I am convinced for the thousand times I have gotten this wrong, the one more terrible thing I could is to not try.  To stay in the shadow with dust collecting on my heart.

I may not shout it, but I am going to do my level best to live it.

This joy, this joy that comes from knowing Jesus.  I want it to bubble up and over when times are blissfully good and when every ounce of me wants to quit.

He remakes, He refines, He redeems.  Taking the ugly and forging beautiful.

Wednesday, April 11, 2018

Oven

This old oven.  It has seen us through thousands of meals.  The upper one still working like a workhorse, but the lower; it had started to let me down. 

We had literally two hundred folks for dinner and the bottom oven burned my potatoes. It was set at a warm at 200 degrees but decided to bake at 500. 

Ever since then I have kind of frowned at that oven.  Ever since then I have used it sparingly and cautiously.  In reality, it has become more of a cabinet than a cooker.

We plan to fix it, one day, probably when all the other stuff is fixed that drives me crazier. So, I ignored it.  I ignored it until the stinking little light just wouldn’t shut off. It seemed to tease me that it was still alive in all its erroneous splendor.

I remembered why the light was on.  After another party where it was no help to me, I shoved a pan inside, a pan that had not been scrubbed.  It was the holding area until I could get that chore done.  But this I recalled now with the oven light gleaming on it was a huge pan that had held a banquet of chicken.

Somehow not quite fitting in the oven, it held the door open enough to trigger the light. I would be lying if I said I addressed the problem quickly.

I came to think of the light as a reminder of things to do.  Pans to wash…

Finally, early one morning, I opened the problem oven and I found the over tall pan.  I slammed it into the sink to tell it exactly what I thought of it advertising my ineffectual house cleaning.

I cleaned it and put what my daddy would call, the “dad gum” pan away. To my surprise…………. the light was still on.  And I will admit one turned on in my head as well.  I believe I heard a choir sing, “FINALLY.”

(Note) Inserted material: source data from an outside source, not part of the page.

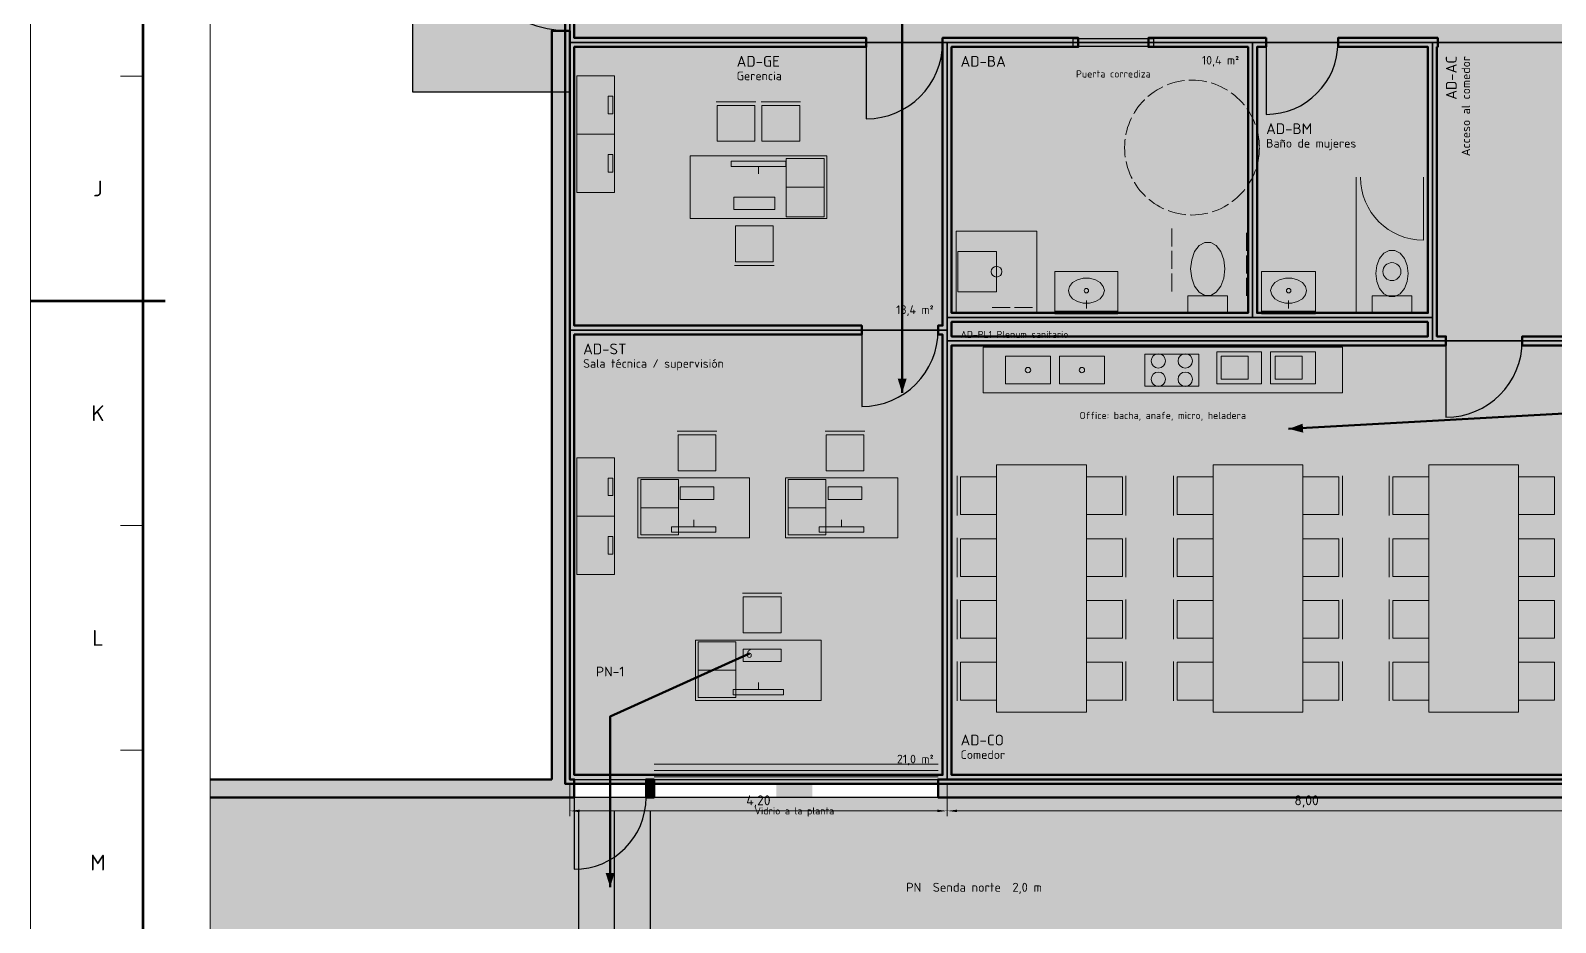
# Model space of a CAD drawing. Header units: millimetres. Extents: x 0 to 1189, y 0 to 841.
# Drawn here: x 0 to 339.4, y 282.2 to 480.7 of the extents above; entities that cross this region are included whole.
import ezdxf
from ezdxf.enums import TextEntityAlignment as Align

# ---------------------------------------------------------------- set-up
doc = ezdxf.new("R2010")
doc.units = ezdxf.units.MM
doc.linetypes.add('IRAM-E-TRAZOS', pattern=[5, 4, -1])
for name, color, linetype, lineweight in [('06-TEXTO', 7, 'CONTINUOUS', 25), ('07-RECUADRO', 7, 'CONTINUOUS', 70), ('08-FINA', 5, 'CONTINUOUS', 18), ('A-ABERTURA', 7, 'CONTINUOUS', 25), ('A-COLUMNA', 7, 'CONTINUOUS', 50), ('A-COTA', 7, 'CONTINUOUS', 18), ('A-EQUIPO-FINO', 8, 'CONTINUOUS', 13), ('A-EQUIPO-OCULTO', 8, 'IRAM-E-TRAZOS', 13), ('A-EQUIPO-RELLENO', 9, 'CONTINUOUS', 13), ('A-EXTERIOR', 8, 'CONTINUOUS', 25), ('A-MURO', 7, 'CONTINUOUS', 50), ('A-RELLENO', 9, 'CONTINUOUS', 13), ('A-SECTOR', 1, 'CONTINUOUS', 25), ('A-SECTOR-TXT', 1, 'CONTINUOUS', 25), ('A-SEGURIDAD', 1, 'IRAM-E-TRAZOS', 18), ('A-TABIQUE', 7, 'CONTINUOUS', 50), ('A-TEXTO', 7, 'CONTINUOUS', 18)]:
    doc.layers.add(name, color=color, linetype=linetype, lineweight=lineweight)
for name, color, linetype, lineweight, true_color in [('A-MOBILIARIO', 8, 'CONTINUOUS', 18, 0x50505a), ('A-SENDA', 2, 'CONTINUOUS', 25, 0xd7a500), ('A-VENTANA', 4, 'CONTINUOUS', 18, 0x0096c8)]:
    doc.layers.add(name, color=color, linetype=linetype, lineweight=lineweight, true_color=true_color)
doc.styles.add('ISO3098', font='isocpeur.ttf')
doc.dimstyles.new('FLAMA-IRAM', dxfattribs={"dimtxt": 3.5, "dimasz": 3.5, "dimexe": 2, "dimexo": 1.5, "dimgap": 1, "dimtad": 1, "dimdec": 1, "dimtxsty": 'ISO3098', "dimblk": 'IRAM_FLECHA', "dimblk1": 'IRAM_FLECHA', "dimblk2": 'IRAM_FLECHA', "dimcen": 2.5, "dimclrd": 3, "dimclre": 3, "dimclrt": 3, "dimazin": 3, "dimtfac": 1, "dimtmove": 0, "dimatfit": 3, "dimlwd": 18, "dimlwe": 18})

# ---------------------------------------------------------------- blocks, each defined once
blk = doc.blocks.new('IRAM_FLECHA')
blk.add_solid([(0, 0), (-1, 0.125), (-1, -0.125)])

msp = doc.modelspace()

# ---------------------------------------------------------------- hatches: boundary and pattern name
at = {"layer": 'A-COLUMNA', "true_color": 0x000000}
h = msp.add_hatch(color=7, dxfattribs=at)
h.dxf.hatch_style = 1
h.paths.add_polyline_path([(166, 306), (174, 306), (174, 314), (166, 314)])
h = msp.add_hatch(color=7, dxfattribs=at)
h.dxf.hatch_style = 1
h.paths.add_polyline_path([(318, 306), (326, 306), (326, 314), (318, 314)])
at = {"layer": 'A-EQUIPO-RELLENO', "true_color": 0xeeeeee}
h = msp.add_hatch(color=7, dxfattribs=at)
h.dxf.hatch_style = 1
h.paths.add_polyline_path([(130, 457.6), (130, 470.6), (121.6, 470.6), (121.6, 457.6)])
at = {"layer": 'A-EQUIPO-RELLENO', "true_color": 0xd6e2f0}
h = msp.add_hatch(color=7, dxfattribs=at)
h.dxf.hatch_style = 1
h.paths.add_polyline_path([(152.8, 464), (161.2, 464), (161.2, 456), (152.8, 456)])
h = msp.add_hatch(color=7, dxfattribs=at)
h.dxf.hatch_style = 1
h.paths.add_polyline_path([(162.8, 464), (171.2, 464), (171.2, 456), (162.8, 456)])
at = {"layer": 'A-EQUIPO-RELLENO', "true_color": 0xeeeeee}
h = msp.add_hatch(color=7, dxfattribs=at)
h.dxf.hatch_style = 1
h.paths.add_polyline_path([(130, 444.6), (130, 457.6), (121.6, 457.6), (121.6, 444.6)])
at = {"layer": 'A-EQUIPO-RELLENO', "true_color": 0xeedec0}
h = msp.add_hatch(color=7, dxfattribs=at)
h.dxf.hatch_style = 1
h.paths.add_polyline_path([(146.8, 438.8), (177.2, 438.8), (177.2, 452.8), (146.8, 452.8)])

I strolled over and pushed the little button that said, Light. 
To my delight the light turned off.

I try hard not to spiritualize my stupidity but in this case, as the light went off, it was as if every little problem I struggle with on a moment by moment basis lined up like little soldiers waging the battles I have grown so accustomed to.

I wondered just how many could be shut off.  Ones named fear.  Ones named control.  Ones named pride and ones named perfection.

They keep me up.  They steal my joy.  They blind me to what God is doing every day all around me. They cause me to see through a lens that is both unspiritual and completely self-focused.

The shutting off is not a onetime event.  It is a deliberate prayerful task of submitting, surrendering and seeing.  Seeing not with earthly eyes but spiritual ones.
Eyes that embrace the great truth of a great God that loves me and cares for me and carries me. The One that in every way lights my path. And the One that that grieves when I hold my own and usurp Him. 

He waits like a gentleman holding the door to something better.  Bidding me to walk through and blessing me in the process. Shutting off is not shutting down, it is not turning on but turning towards freedom.